### What to do
Would you return exactly the lines from the top of the data below through the one containing "[picture b1top: board", leaving out the pictures?

### Records provided
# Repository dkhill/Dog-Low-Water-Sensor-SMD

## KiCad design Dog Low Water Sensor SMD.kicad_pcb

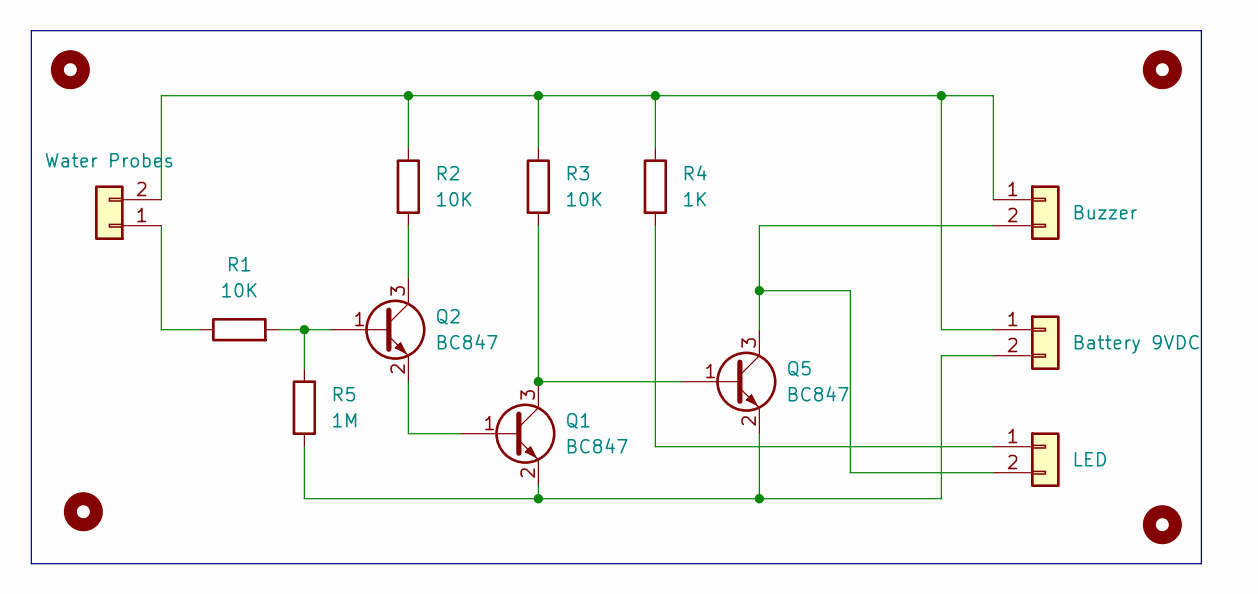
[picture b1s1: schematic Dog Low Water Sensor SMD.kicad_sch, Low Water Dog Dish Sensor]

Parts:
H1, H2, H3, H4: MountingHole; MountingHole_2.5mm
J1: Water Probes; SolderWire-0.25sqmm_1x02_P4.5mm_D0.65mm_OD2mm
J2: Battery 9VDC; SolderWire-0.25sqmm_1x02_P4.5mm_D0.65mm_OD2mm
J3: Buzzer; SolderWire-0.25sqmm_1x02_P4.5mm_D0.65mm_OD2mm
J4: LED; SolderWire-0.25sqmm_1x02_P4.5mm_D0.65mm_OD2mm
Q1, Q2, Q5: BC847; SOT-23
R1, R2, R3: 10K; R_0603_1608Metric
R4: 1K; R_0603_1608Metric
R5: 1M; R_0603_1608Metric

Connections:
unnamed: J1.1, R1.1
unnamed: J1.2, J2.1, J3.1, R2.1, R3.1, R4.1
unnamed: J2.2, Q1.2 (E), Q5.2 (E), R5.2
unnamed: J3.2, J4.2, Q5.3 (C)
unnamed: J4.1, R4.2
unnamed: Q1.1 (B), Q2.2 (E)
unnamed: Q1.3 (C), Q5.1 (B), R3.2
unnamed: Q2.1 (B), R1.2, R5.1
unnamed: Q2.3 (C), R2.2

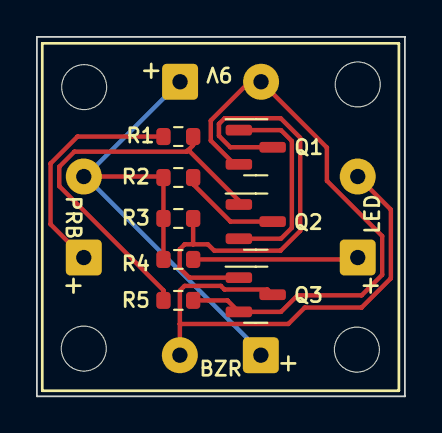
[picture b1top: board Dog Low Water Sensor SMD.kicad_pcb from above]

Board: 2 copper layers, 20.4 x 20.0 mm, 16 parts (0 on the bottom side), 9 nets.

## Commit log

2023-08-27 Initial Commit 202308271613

### Written solution
# Repository dkhill/Dog-Low-Water-Sensor-SMD

## KiCad design Dog Low Water Sensor SMD.kicad_pcb

[picture b1s1: schematic Dog Low Water Sensor SMD.kicad_sch, Low Water Dog Dish Sensor]

Parts:
H1, H2, H3, H4: MountingHole; MountingHole_2.5mm
J1: Water Probes; SolderWire-0.25sqmm_1x02_P4.5mm_D0.65mm_OD2mm
J2: Battery 9VDC; SolderWire-0.25sqmm_1x02_P4.5mm_D0.65mm_OD2mm
J3: Buzzer; SolderWire-0.25sqmm_1x02_P4.5mm_D0.65mm_OD2mm
J4: LED; SolderWire-0.25sqmm_1x02_P4.5mm_D0.65mm_OD2mm
Q1, Q2, Q5: BC847; SOT-23
R1, R2, R3: 10K; R_0603_1608Metric
R4: 1K; R_0603_1608Metric
R5: 1M; R_0603_1608Metric

Connections:
unnamed: J1.1, R1.1
unnamed: J1.2, J2.1, J3.1, R2.1, R3.1, R4.1
unnamed: J2.2, Q1.2 (E), Q5.2 (E), R5.2
unnamed: J3.2, J4.2, Q5.3 (C)
unnamed: J4.1, R4.2
unnamed: Q1.1 (B), Q2.2 (E)
unnamed: Q1.3 (C), Q5.1 (B), R3.2
unnamed: Q2.1 (B), R1.2, R5.1
unnamed: Q2.3 (C), R2.2

[picture b1top: board Dog Low Water Sensor SMD.kicad_pcb from above]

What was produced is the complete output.